Stored items:
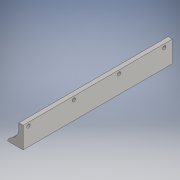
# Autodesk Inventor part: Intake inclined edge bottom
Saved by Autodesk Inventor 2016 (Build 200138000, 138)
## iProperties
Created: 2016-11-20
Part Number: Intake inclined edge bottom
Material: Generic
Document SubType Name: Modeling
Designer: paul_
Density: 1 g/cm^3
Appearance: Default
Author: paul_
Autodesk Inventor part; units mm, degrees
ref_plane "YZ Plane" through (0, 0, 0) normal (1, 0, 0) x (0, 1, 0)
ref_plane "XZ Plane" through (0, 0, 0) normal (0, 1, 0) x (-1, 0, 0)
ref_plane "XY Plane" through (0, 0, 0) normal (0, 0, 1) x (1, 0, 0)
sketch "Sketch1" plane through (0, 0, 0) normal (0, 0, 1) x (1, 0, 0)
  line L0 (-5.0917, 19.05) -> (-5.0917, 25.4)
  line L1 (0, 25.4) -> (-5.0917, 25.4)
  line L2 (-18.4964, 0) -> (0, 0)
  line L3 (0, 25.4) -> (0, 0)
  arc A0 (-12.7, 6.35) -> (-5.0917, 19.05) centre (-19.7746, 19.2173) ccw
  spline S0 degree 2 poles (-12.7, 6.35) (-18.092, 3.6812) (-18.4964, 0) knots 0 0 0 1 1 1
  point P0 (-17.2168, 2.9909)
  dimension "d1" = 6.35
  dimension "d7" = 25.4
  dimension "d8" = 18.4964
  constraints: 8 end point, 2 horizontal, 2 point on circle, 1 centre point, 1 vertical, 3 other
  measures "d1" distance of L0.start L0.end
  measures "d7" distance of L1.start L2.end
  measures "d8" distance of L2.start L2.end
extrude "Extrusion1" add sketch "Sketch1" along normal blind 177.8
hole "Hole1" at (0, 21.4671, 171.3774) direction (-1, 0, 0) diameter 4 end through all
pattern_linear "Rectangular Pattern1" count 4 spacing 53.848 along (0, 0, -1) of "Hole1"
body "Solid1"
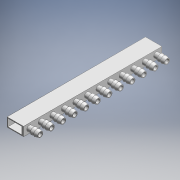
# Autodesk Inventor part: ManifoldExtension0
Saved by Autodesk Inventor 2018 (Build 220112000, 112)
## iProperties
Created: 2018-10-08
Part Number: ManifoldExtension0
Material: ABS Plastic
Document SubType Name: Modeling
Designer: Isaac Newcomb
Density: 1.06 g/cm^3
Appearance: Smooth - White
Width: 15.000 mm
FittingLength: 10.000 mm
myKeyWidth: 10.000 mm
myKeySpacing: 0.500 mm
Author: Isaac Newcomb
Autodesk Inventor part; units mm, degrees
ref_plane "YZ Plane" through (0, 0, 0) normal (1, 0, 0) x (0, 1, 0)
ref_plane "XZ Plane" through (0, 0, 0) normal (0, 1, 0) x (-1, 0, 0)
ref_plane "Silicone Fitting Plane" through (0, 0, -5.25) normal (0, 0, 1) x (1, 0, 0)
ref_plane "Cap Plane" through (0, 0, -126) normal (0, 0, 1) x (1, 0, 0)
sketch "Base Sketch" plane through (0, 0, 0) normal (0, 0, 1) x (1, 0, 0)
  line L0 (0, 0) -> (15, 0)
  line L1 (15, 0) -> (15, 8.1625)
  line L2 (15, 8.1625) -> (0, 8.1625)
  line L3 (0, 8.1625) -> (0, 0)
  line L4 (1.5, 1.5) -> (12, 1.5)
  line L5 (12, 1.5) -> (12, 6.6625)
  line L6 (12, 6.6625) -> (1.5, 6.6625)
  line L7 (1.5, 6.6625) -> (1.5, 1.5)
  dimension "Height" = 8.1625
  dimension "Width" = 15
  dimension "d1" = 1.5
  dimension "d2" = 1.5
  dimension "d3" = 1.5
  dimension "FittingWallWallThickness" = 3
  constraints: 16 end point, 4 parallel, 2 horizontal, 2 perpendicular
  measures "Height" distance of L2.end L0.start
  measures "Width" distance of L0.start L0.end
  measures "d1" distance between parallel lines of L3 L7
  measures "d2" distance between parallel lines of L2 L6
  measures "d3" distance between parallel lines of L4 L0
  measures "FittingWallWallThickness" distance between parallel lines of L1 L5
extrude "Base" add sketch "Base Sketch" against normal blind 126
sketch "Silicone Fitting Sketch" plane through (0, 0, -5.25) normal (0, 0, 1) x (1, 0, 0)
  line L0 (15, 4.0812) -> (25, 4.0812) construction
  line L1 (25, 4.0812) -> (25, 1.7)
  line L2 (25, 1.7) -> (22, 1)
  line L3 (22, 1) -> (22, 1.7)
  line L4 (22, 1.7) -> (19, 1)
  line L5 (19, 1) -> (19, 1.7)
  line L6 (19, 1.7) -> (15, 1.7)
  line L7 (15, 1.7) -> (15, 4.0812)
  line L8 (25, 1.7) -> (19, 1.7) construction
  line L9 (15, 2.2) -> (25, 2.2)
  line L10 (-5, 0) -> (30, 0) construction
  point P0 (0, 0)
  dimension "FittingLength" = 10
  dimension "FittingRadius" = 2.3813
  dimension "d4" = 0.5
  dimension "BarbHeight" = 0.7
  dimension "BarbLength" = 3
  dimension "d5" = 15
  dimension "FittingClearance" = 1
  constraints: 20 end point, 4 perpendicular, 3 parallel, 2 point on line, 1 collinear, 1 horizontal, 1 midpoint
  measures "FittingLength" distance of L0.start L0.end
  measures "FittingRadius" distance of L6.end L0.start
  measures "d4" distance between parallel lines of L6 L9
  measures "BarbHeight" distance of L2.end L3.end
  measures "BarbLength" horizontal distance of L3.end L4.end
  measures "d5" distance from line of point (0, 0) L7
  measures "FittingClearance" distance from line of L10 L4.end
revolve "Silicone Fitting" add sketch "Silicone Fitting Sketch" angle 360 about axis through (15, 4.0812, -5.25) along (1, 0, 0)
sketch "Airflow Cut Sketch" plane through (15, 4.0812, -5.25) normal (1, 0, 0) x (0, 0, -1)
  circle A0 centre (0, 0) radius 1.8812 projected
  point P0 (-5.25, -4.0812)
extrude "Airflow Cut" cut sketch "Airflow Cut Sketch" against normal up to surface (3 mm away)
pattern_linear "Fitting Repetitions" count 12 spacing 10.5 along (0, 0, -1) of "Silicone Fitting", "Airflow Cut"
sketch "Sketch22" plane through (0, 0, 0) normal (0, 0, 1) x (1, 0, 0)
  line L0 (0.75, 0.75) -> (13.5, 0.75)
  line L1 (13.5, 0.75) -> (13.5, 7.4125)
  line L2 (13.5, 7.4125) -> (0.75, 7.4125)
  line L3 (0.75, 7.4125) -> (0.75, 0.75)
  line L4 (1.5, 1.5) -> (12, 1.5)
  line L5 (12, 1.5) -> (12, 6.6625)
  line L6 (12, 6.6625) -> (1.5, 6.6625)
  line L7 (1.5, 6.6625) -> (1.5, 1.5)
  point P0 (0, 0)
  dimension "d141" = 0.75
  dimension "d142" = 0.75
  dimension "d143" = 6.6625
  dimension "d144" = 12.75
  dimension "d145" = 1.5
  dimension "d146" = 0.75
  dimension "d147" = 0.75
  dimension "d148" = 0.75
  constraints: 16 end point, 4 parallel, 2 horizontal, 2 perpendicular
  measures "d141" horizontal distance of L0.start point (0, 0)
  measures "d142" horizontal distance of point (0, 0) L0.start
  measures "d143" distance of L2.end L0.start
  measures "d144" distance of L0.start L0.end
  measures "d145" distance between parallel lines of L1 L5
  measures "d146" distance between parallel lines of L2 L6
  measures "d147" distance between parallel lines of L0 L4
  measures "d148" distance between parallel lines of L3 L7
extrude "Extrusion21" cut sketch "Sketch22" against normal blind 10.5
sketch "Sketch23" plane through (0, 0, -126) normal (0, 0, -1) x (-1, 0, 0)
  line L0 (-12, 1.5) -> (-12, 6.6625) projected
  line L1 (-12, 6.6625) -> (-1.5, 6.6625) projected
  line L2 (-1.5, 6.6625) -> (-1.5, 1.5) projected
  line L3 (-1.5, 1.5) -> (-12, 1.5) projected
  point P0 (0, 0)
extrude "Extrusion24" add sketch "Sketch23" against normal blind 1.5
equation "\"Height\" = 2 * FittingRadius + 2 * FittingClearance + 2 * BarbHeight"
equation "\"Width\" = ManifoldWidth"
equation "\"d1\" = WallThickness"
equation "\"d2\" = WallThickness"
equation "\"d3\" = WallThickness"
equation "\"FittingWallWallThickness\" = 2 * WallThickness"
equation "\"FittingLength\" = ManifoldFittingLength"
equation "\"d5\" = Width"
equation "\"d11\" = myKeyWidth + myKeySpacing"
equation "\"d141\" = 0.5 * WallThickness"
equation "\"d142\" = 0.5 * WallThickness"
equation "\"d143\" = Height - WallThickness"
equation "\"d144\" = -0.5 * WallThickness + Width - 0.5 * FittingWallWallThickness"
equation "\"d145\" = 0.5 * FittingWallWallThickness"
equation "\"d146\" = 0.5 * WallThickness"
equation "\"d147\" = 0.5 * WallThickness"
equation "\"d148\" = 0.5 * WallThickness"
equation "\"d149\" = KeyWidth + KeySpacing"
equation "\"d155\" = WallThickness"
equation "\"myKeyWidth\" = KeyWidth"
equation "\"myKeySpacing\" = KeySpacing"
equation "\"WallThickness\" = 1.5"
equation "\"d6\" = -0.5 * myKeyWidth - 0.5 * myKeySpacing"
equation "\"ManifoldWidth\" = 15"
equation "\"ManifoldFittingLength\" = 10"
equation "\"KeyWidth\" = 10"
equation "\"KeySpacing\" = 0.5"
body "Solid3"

* What to produce: With the string "blind" as the key, filter the data above and show the lines that match.

* Response below:
extrude "Extrusion1" add sketch "Sketch1" along normal blind 177.8
extrude "Base" add sketch "Base Sketch" against normal blind 126
extrude "Extrusion21" cut sketch "Sketch22" against normal blind 10.5
extrude "Extrusion24" add sketch "Sketch23" against normal blind 1.5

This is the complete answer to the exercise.